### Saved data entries
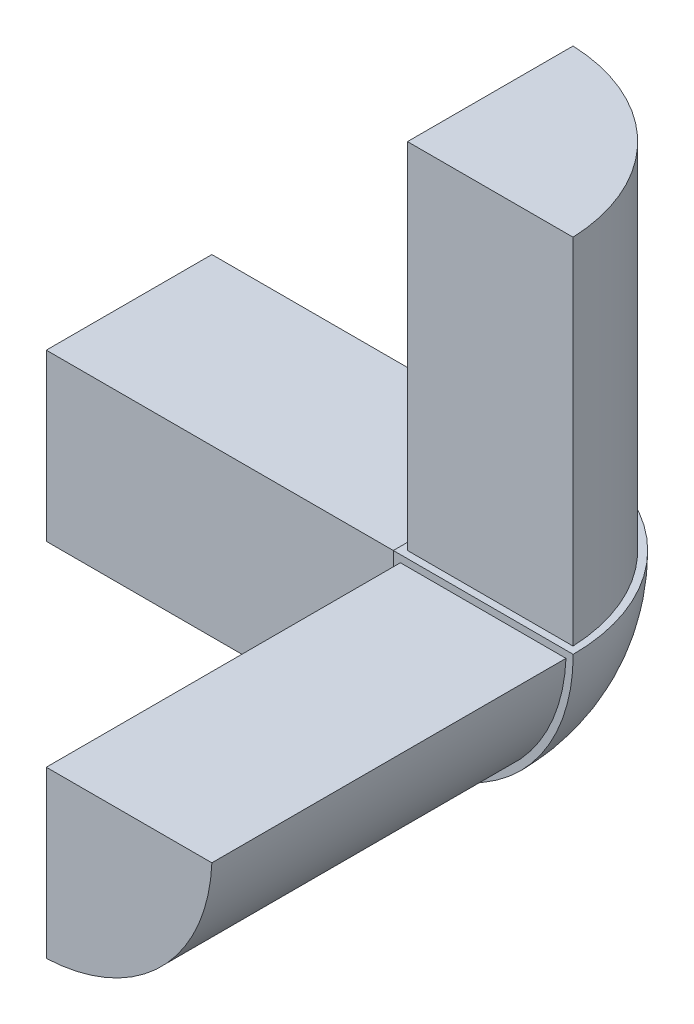
SolidWorks part; units mm, degrees
ref_plane "Alzado" through (0, 0, 0) normal (0, 0, 1) x (1, 0, 0)
ref_plane "Planta" through (0, 0, 0) normal (0, 1, 0) x (1, 0, 0)
ref_plane "Vista lateral" through (0, 0, 0) normal (1, 0, 0) x (0, 0, -1)
sketch "Croquis1" plane through (0, 0, 0) normal (0, 0, 1) x (1, 0, 0)
  line L0 (0, 32.8991) -> (0, -36.1985) construction
  line L1 (0, 25.4) -> (0, -25.4)
  arc A1 (0, 25.4) -> (0, -25.4) centre (0, 0) cw
  dimension "D2" = 25.4
  dimension "D1" = 50.8
revolve "Revolución1" add sketch "Croquis1" angle 360 about L0
sketch "Croquis2" plane through (0, 0, 0) normal (0, 1, 0) x (1, 0, 0)
  line L0 (-36.0622, 0) -> (37.5596, 0) construction
  line L1 (0, 40.8418) -> (0, -30.0373) construction
  line L2 (0, 25.4) -> (0, 0)
  line L3 (0, 0) -> (25.4, 0)
  circle A0 centre (0, 0) radius 25.4 construction
  arc A1 (0, 25.4) -> (25.4, 0) centre (0, 0) cw
  dimension "D1" = 25.4
extrude "Saliente-Extruir1" add sketch "Croquis2" along normal blind 50
sketch "Croquis3" plane through (0, 0, 0) normal (0, 0, 1) x (1, 0, 0)
  line L0 (0, 0) -> (25.4, 0)
  line L1 (0, 0) -> (0, -25.4)
  arc A0 (0, 25.4) -> (25.4, 0) centre (0, 0) ccw construction
  arc A1 (0, -25.4) -> (25.4, 0) centre (0, 0) ccw
  dimension "D1" = 25.4
extrude "Saliente-Extruir2" add sketch "Croquis3" along normal blind 50
sketch "Croquis4" plane through (0, 0, 0) normal (1, 0, 0) x (0, 0, -1)
  line L0 (25.4, 0) -> (0, 0)
  line L1 (25.4, 50) -> (25.4, 0) construction
  line L2 (0, 0) -> (0, -25.4)
  arc A0 (0, -25.4) -> (25.4, 0) centre (0, 0) ccw construction
  arc A1 (0, -25.4) -> (25.4, 0) centre (0, 0) ccw
  dimension "D1" = 25.4
extrude "Saliente-Extruir3" add sketch "Croquis4" against normal blind 50
sketch "Croquis5" plane through (0, 0, 0) normal (0, 0, 1) x (1, 0, 0)
  line L0 (0, 25.4) -> (0, 0)
  line L1 (0, 0) -> (-25.4, 0)
  arc A0 (-25.4, 0) -> (0, 25.4) centre (0, 0) cw
  dimension "D1" = 25.4
extrude "Cortar-Extruir1" cut sketch "Croquis5" against normal mid plane 60
sketch "Croquis8" plane through (0, 0, 0) normal (1, 0, 0) x (0, 0, -1)
  line L1 (0, 0) -> (-25.4, 0)
  line L2 (0, 0) -> (0, 25.4)
  line L3 (0, 25.4) -> (-25.4, 25.4)
  line L4 (-25.4, 0) -> (-25.4, 25.4)
  dimension "D1" = 25.4
extrude "Cortar-Extruir5" cut sketch "Croquis8" along normal blind 50
sketch "Croquis9" plane through (0, 0, 0) normal (0, 1, 0) x (1, 0, 0)
  line L1 (0, 0) -> (-25.4, 0)
  line L2 (0, 0) -> (0, -25.4)
  line L3 (0, -25.4) -> (-25.4, -25.4)
  line L4 (-25.4, 0) -> (-25.4, -25.4)
  dimension "D1" = 25.4
  dimension "D2" = 25.4
extrude "Cortar-Extruir6" cut sketch "Croquis9" against normal blind 50
sketch "Croquis11" plane through (-50, 0, 0) normal (-1, 0, 0) x (0, 0, 1)
  line L0 (-1, -24.3795) -> (-1, -1)
  line L1 (-1, -1) -> (-24.3795, -1)
  line L2 (0, -25.4) -> (0, 0)
  line L3 (0, 0) -> (-25.4, 0)
  line L4 (0, -25.4) -> (0, 0)
  line L5 (0, 0) -> (-25.4, 0)
  arc A0 (-24.3795, -1) -> (-1, -24.3795) centre (0, 0) ccw
  arc A1 (-25.4, 0) -> (0, -25.4) centre (0, 0) ccw
  arc A2 (-25.4, 0) -> (0, -25.4) centre (0, 0) ccw
  dimension "D1" = 0
  dimension "D2" = 1
extrude "Cortar-Extruir7" cut sketch "Croquis11" against normal blind 50
sketch "Croquis12" plane through (0, 50, 0) normal (0, 1, 0) x (1, 0, 0)
  line L0 (1, 24.3795) -> (1, 1)
  line L1 (1, 1) -> (24.3795, 1)
  line L2 (0, 25.4) -> (0, 0)
  line L3 (0, 0) -> (25.4, 0)
  line L4 (0, 25.4) -> (0, 0)
  line L5 (0, 0) -> (25.4, 0)
  arc A0 (24.3795, 1) -> (1, 24.3795) centre (0, 0) ccw
  arc A1 (25.4, 0) -> (0, 25.4) centre (0, 0) ccw
  arc A2 (25.4, 0) -> (0, 25.4) centre (0, 0) ccw
  dimension "D1" = 0
  dimension "D2" = 1
extrude "Cortar-Extruir8" cut sketch "Croquis12" against normal blind 50
sketch "Croquis13" plane through (0, 0, 50) normal (0, 0, 1) x (1, 0, 0)
  line L4 (1, -1) -> (1, -24.3795)
  line L5 (24.3795, -1) -> (1, -1)
  line L6 (1, -1) -> (1, -24.3795)
  line L7 (24.3795, -1) -> (1, -1)
  line L8 (0, 0) -> (0, -25.4)
  line L9 (25.4, 0) -> (0, 0)
  line L10 (0, 0) -> (0, -25.4)
  line L11 (25.4, 0) -> (0, 0)
  arc A2 (1, -24.3795) -> (24.3795, -1) centre (0, 0) ccw
  arc A3 (1, -24.3795) -> (24.3795, -1) centre (0, 0) ccw
  arc A4 (0, -25.4) -> (25.4, 0) centre (0, 0) ccw
  arc A5 (0, -25.4) -> (25.4, 0) centre (0, 0) ccw
  dimension "D1" = 1
  dimension "D2" = 0
extrude "Cortar-Extruir9" cut sketch "Croquis13" against normal blind 50
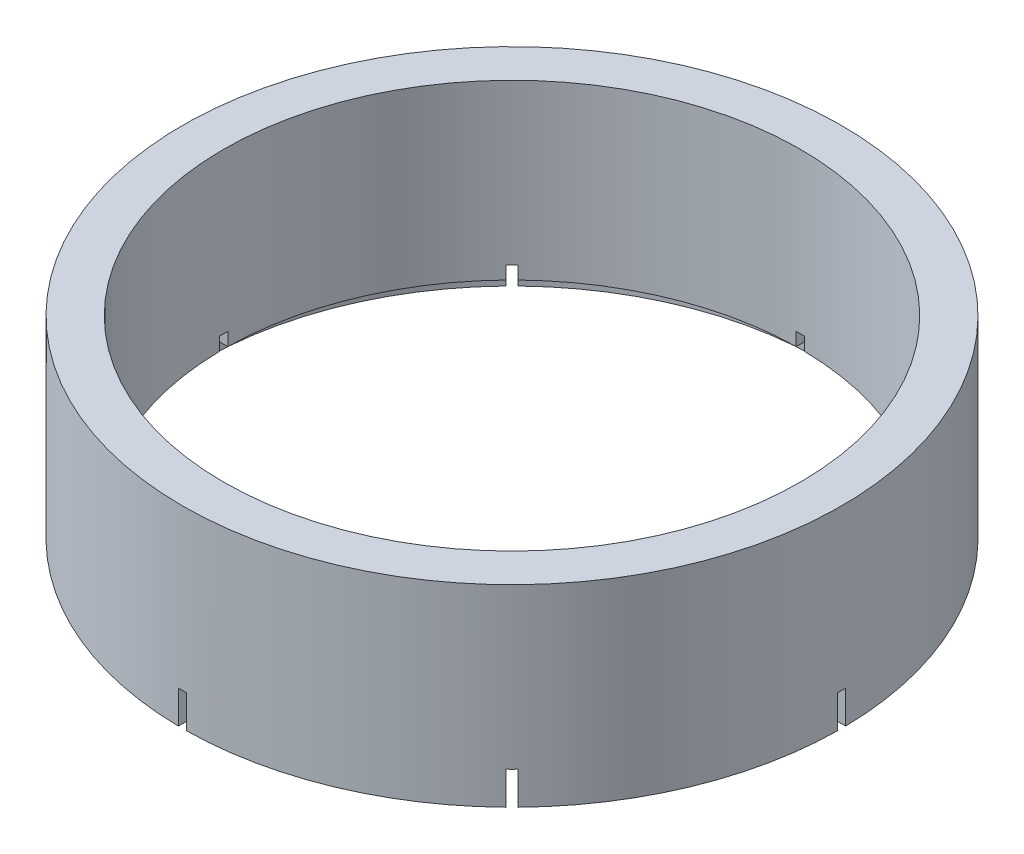
SolidWorks part; units mm, degrees
material "C (Graphite)"
ref_plane "Front Plane" through (0, 0, 0) normal (0, 0, 1) x (1, 0, 0)
ref_plane "Top Plane" through (0, 0, 0) normal (0, 1, 0) x (1, 0, 0)
ref_plane "Right Plane" through (0, 0, 0) normal (1, 0, 0) x (0, 0, -1)
sketch "Sketch1" plane through (0, 0, 0) normal (0, 1, 0) x (1, 0, 0)
  circle A0 centre (0, 0) radius 40
  circle A1 centre (0, 0) radius 35
  dimension "D1" = 80
  dimension "D2" = 70
extrude "Boss-Extrude1" add sketch "Sketch1" along normal blind 25.4
sketch "Sketch2" plane through (0, 0, 0) normal (0, -1, 0) x (1, 0, 0)
  circle A0 centre (0, 0) radius 37.5
  circle A1 centre (0, 0) radius 35
  dimension "D1" = 75
  dimension "D2" = 70
extrude "Cut-Extrude1" cut sketch "Sketch2" against normal blind 4.4
sketch "Sketch3" plane through (0, 0, 0) normal (0, 0, 1) x (1, 0, 0)
  line L0 (44, 0) -> (-44, 0) construction
  line L1 (-0.5, 0) -> (0.5, 0)
  line L2 (-0.5, 0) -> (-0.5, 6)
  line L3 (-0.5, 6) -> (0.5, 6)
  line L4 (0.5, 0) -> (0.5, 6)
  line L5 (0, -13.97) -> (0, 13.97) construction
  point P6 (0, 6)
  dimension "D1" = 0
  dimension "D2" = 1
  dimension "D3" = 6
extrude "Cut-Extrude2" cut sketch "Sketch3" against normal through all both and the other way through all
pattern_circular "CirPattern1" count 4 every 45 about axis through (0, 0, 0) along (0, 1, 0) of "Cut-Extrude2"
sketch "Sketch4" plane through (0, 0, 0) normal (0, -1, 0) x (1, 0, 0)
  circle A0 centre (0, 0) radius 45.8776
extrude "Cut-Extrude3" cut sketch "Sketch4" against normal blind 2
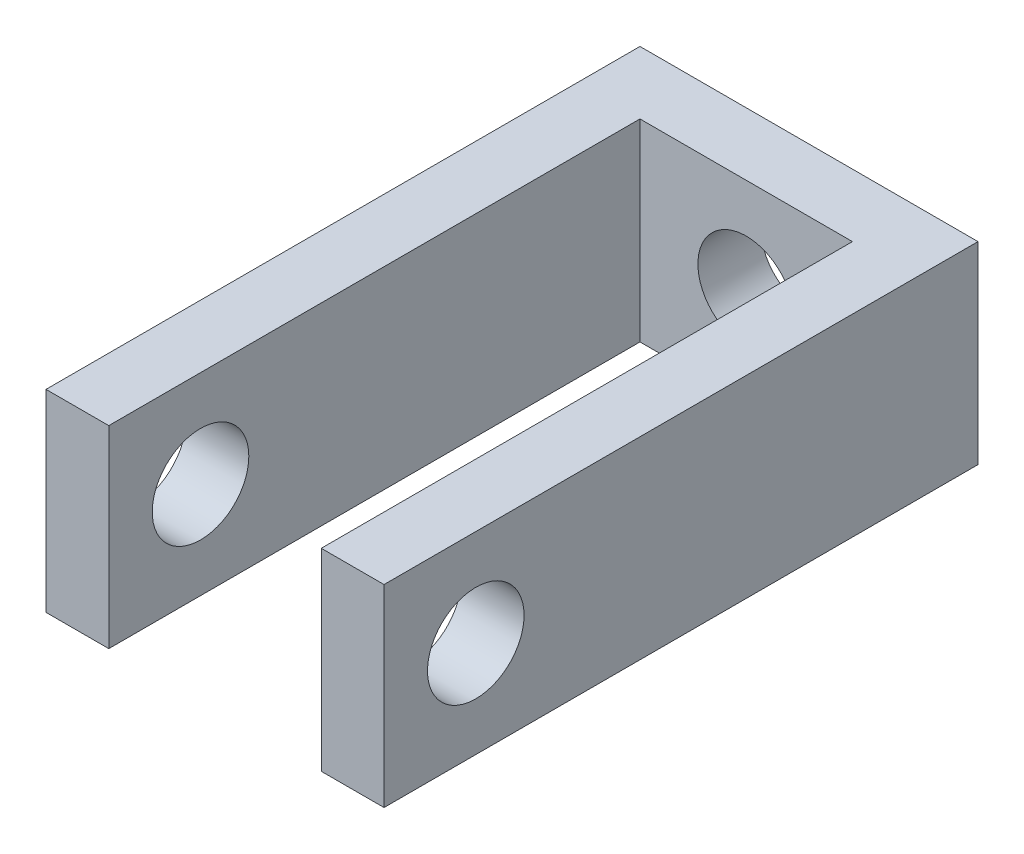
SolidWorks part; units mm, degrees
ref_plane "Front" through (0, 0, 0) normal (0, 0, 1) x (1, 0, 0)
ref_plane "Top" through (0, 0, 0) normal (0, 1, 0) x (1, 0, 0)
ref_plane "Right" through (0, 0, 0) normal (1, 0, 0) x (0, 0, -1)
sketch "草图1" plane through (0, 0, 0) normal (0, 0, 1) x (1, 0, 0)
  line L1 (0, 0) -> (7, 0)
  line L2 (0, 0) -> (0, 4)
  line L3 (0, 4) -> (7, 4)
  line L4 (7, 0) -> (7, 4)
extrude "凸台-拉伸1" add sketch "草图1" along normal blind 1.3
sketch "草图2" plane through (0, 0, 1.3) normal (0, 0, 1) x (1, 0, 0)
  line L12 (0, 0) -> (7, 0) construction
  line L13 (0, 4) -> (1.3, 4)
  line L14 (0, 4) -> (0, 0)
  line L15 (0, 0) -> (1.3, 0)
  line L16 (1.3, 4) -> (1.3, 0)
  line L18 (7, 4) -> (5.7, 4)
  line L19 (7, 4) -> (7, 0)
  line L20 (7, 0) -> (5.7, 0)
  line L21 (5.7, 4) -> (5.7, 0)
extrude "凸台-拉伸2" add sketch "草图2" along normal blind 11
sketch "草图3" plane through (0, 0, 1.3) normal (0, 0, 1) x (1, 0, 0)
  circle A0 centre (3.5, 2) radius 1
  point P2 (3.4872, 2.0568)
  point P3 (3.4872, 2)
  point P4 (3.5, 2)
extrude "切除-拉伸1" cut sketch "草图3" against normal blind 2
sketch "草图4" plane through (7, 0, 0) normal (1, 0, 0) x (0, 0, -1)
  line L1 (0, 0) -> (0, 4) construction
  circle A0 centre (-10.4, 2) radius 1
  dimension "D1" = 10.4
extrude "切除-拉伸2" cut sketch "草图4" against normal blind 7

### Problem statement
Where a line of the records above holds the word "Cortar", count it; give the total as a single number and nothing else.

### Task result
6